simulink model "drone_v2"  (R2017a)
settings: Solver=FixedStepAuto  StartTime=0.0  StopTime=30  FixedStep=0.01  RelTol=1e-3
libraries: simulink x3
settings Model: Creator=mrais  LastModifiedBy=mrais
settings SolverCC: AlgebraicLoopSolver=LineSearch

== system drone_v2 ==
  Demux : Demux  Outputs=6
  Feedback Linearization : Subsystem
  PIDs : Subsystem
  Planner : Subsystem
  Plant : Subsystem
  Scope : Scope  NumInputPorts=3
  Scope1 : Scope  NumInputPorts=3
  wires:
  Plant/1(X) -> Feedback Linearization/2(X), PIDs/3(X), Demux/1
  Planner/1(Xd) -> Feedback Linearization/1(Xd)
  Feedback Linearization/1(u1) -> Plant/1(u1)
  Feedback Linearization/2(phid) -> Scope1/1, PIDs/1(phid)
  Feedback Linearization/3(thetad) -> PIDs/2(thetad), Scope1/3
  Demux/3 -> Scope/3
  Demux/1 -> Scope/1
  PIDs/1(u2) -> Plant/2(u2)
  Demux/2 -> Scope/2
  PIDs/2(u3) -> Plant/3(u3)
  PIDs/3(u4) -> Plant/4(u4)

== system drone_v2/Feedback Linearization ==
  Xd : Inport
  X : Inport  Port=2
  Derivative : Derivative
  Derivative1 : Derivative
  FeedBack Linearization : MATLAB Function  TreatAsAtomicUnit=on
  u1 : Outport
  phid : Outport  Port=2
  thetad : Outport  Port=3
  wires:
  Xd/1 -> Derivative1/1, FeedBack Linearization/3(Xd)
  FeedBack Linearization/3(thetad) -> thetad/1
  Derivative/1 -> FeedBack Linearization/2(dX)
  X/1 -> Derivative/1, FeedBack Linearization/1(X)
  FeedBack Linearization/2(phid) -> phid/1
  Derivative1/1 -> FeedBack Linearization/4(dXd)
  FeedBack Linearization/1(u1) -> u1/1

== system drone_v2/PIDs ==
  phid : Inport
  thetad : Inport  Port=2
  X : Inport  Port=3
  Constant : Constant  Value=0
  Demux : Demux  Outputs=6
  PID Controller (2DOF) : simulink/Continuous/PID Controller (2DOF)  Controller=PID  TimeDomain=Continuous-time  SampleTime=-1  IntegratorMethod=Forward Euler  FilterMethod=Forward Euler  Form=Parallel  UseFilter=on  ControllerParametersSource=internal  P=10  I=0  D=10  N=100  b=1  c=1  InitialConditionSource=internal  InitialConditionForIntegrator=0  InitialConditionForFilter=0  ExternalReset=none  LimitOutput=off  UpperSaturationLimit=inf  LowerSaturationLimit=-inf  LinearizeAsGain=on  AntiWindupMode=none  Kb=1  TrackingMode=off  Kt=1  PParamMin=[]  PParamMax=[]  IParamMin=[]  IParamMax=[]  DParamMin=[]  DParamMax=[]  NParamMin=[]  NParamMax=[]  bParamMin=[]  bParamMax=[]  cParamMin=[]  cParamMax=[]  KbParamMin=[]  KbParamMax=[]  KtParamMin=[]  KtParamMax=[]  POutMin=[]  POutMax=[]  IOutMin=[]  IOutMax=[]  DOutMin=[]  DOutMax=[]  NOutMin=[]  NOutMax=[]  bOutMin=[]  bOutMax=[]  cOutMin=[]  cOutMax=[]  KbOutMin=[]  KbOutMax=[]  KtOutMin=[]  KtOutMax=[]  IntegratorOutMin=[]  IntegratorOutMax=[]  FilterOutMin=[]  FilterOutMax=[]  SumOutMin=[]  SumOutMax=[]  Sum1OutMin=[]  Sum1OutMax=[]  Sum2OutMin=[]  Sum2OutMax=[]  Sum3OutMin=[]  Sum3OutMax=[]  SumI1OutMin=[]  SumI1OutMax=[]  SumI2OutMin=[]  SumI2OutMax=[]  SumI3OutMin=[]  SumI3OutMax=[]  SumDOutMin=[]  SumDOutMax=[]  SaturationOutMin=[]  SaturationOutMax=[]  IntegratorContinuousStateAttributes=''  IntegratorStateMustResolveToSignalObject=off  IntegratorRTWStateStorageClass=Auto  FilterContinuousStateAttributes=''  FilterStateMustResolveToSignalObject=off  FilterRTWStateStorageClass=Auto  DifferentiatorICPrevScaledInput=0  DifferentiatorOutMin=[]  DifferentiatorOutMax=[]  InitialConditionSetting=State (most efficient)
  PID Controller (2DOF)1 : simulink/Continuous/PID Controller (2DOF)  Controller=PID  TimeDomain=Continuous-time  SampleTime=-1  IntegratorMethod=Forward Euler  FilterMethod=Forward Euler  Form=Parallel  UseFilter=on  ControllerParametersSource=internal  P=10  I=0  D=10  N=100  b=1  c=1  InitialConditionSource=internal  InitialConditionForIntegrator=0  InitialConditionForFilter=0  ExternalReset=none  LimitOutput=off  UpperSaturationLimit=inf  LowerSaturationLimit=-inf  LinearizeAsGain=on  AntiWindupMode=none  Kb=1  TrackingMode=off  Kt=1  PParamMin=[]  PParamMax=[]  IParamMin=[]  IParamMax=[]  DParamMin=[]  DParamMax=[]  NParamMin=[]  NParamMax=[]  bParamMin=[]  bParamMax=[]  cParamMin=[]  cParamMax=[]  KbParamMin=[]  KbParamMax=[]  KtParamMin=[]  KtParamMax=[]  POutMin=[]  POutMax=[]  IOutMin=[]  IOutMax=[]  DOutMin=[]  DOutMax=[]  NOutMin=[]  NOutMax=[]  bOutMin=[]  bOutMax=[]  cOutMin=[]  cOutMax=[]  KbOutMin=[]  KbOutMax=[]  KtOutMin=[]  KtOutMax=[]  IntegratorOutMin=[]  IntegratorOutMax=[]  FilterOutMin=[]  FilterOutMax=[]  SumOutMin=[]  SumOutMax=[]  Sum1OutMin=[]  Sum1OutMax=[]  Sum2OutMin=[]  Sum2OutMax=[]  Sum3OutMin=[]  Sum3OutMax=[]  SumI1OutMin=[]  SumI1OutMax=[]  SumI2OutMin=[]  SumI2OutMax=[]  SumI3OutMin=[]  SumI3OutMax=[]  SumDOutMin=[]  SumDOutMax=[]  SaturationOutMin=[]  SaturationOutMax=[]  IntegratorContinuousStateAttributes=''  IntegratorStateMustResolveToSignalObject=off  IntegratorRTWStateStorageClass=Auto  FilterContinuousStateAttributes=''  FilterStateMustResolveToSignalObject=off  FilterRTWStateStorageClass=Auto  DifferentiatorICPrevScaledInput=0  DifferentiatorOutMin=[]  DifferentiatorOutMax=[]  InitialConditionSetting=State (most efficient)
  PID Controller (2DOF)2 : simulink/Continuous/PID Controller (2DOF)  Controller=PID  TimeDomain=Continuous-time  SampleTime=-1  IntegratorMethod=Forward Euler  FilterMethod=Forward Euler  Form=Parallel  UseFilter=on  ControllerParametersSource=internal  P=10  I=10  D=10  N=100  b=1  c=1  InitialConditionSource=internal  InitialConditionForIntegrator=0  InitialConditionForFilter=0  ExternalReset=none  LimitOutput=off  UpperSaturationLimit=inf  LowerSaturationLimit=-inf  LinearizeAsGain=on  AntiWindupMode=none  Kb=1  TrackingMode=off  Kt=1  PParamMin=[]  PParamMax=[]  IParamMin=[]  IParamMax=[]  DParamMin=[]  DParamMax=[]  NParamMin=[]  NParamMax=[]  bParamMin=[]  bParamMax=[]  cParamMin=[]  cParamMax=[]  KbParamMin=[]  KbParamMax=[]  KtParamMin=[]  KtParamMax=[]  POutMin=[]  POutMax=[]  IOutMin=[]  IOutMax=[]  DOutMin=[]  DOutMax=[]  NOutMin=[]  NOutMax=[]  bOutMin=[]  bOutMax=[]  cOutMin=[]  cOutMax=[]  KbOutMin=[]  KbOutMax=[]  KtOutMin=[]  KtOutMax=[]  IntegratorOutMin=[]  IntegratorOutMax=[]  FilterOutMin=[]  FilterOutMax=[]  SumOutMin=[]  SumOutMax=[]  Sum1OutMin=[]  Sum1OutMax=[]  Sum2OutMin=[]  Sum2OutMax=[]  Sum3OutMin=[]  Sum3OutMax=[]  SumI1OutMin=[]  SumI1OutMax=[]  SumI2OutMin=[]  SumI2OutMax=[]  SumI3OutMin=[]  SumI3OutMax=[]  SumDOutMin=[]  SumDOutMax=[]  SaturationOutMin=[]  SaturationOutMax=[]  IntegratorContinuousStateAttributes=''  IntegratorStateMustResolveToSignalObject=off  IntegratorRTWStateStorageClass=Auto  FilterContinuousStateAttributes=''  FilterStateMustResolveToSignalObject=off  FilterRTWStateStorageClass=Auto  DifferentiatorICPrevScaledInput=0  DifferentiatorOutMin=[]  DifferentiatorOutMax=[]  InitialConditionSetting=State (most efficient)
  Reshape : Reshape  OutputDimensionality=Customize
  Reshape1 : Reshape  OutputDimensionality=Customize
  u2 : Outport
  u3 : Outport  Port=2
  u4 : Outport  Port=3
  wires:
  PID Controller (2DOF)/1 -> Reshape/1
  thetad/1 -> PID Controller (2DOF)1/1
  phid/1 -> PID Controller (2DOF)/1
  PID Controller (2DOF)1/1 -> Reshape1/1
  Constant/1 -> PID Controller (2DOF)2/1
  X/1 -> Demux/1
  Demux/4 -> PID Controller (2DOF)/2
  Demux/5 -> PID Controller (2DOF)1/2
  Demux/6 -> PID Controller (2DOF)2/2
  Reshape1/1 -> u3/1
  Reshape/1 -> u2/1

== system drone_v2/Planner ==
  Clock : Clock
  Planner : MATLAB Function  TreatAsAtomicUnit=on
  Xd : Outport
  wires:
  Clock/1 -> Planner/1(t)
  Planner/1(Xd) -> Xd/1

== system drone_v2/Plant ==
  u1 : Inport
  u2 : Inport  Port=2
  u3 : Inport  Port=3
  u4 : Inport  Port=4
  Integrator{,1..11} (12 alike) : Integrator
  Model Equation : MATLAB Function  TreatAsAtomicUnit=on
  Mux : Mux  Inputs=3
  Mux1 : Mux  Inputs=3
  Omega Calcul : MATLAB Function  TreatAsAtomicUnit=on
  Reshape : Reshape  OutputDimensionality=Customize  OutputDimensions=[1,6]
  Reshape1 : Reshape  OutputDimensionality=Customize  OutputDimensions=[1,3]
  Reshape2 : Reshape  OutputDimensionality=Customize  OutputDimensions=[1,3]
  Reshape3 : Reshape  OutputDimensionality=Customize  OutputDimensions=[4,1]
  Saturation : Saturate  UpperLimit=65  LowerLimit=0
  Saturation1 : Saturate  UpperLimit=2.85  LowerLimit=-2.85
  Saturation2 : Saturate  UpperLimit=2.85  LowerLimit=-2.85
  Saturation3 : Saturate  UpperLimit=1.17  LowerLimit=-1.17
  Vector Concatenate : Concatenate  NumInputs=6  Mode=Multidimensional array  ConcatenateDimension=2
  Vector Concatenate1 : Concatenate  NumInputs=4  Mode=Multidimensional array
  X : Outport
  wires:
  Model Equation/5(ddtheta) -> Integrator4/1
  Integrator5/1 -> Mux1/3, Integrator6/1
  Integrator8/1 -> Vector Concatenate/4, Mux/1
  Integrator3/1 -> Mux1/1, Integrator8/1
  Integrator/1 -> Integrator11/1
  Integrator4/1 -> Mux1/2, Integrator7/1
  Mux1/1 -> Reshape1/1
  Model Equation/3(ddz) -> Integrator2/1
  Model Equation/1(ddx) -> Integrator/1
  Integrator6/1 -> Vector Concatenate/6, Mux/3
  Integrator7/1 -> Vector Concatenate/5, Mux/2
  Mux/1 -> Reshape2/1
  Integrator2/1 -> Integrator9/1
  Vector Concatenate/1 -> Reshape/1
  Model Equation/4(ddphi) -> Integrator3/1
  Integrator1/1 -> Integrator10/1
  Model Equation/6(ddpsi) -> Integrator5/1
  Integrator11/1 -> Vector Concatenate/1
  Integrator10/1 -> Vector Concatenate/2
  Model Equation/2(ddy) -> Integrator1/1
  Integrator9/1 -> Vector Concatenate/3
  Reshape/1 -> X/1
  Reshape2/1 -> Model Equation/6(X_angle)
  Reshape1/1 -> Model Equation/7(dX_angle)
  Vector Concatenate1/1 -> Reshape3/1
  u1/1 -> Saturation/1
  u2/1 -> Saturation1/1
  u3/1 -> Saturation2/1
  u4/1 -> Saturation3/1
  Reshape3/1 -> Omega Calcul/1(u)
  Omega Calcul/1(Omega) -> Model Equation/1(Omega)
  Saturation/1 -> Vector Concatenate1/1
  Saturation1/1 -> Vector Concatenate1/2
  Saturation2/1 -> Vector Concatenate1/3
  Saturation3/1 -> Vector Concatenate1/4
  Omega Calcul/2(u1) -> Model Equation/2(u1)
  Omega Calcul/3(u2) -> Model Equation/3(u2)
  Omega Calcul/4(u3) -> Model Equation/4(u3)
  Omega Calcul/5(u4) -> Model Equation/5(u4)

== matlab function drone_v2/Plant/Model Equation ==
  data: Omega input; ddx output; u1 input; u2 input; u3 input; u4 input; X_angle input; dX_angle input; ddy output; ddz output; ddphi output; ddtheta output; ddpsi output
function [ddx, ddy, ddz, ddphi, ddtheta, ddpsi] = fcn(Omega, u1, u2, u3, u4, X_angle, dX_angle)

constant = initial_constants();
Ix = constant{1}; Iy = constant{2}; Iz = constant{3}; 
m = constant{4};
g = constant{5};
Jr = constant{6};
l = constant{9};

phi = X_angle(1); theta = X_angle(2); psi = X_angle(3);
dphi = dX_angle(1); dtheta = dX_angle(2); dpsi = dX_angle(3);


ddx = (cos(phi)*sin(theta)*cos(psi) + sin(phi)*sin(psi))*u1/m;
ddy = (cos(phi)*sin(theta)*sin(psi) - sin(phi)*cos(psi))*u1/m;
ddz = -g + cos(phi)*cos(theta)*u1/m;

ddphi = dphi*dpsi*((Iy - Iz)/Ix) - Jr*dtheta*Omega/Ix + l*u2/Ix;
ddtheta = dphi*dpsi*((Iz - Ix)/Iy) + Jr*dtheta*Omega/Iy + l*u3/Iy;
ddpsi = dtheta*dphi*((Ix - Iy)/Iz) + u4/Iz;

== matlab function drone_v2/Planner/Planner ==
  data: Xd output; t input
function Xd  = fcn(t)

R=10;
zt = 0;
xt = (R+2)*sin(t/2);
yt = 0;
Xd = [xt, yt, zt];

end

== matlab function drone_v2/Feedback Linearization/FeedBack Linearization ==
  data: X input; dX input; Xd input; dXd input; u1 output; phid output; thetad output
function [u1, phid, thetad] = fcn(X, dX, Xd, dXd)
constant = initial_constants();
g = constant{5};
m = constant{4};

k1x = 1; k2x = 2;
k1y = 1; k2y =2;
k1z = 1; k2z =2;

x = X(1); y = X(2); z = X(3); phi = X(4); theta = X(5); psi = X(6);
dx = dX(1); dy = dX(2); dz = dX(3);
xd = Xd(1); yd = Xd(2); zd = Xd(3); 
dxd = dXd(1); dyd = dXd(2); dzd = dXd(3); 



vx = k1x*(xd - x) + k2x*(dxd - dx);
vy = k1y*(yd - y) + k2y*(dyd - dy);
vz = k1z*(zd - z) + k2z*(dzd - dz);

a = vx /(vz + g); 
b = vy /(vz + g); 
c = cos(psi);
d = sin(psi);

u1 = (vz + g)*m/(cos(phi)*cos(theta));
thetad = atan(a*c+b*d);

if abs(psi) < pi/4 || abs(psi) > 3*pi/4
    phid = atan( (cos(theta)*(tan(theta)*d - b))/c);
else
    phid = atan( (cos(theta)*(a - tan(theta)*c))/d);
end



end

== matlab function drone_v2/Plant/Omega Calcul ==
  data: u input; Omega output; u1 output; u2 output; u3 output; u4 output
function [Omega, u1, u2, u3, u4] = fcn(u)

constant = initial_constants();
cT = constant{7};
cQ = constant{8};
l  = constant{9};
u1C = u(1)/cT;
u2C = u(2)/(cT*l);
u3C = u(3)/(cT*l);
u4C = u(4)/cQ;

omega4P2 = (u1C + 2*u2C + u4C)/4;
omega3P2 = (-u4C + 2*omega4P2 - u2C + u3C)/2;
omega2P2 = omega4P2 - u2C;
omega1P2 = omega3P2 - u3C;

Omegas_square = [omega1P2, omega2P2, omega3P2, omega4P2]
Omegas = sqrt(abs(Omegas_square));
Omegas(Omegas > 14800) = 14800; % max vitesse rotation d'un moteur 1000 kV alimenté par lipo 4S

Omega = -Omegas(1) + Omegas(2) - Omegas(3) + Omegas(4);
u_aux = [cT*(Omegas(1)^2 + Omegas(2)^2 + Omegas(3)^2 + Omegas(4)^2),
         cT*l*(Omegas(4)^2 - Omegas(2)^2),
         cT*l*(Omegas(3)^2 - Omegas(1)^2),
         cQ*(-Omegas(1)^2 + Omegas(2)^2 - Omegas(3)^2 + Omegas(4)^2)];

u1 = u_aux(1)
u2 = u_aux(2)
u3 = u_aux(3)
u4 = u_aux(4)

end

^^^^

**PROBLEM DESCRIPTION:** Would you copy every line of the entries in which "settings" appears?

**ANSWER TO THE PROBLEM:**
settings: Solver=FixedStepAuto  StartTime=0.0  StopTime=30  FixedStep=0.01  RelTol=1e-3
settings Model: Creator=mrais  LastModifiedBy=mrais
settings SolverCC: AlgebraicLoopSolver=LineSearch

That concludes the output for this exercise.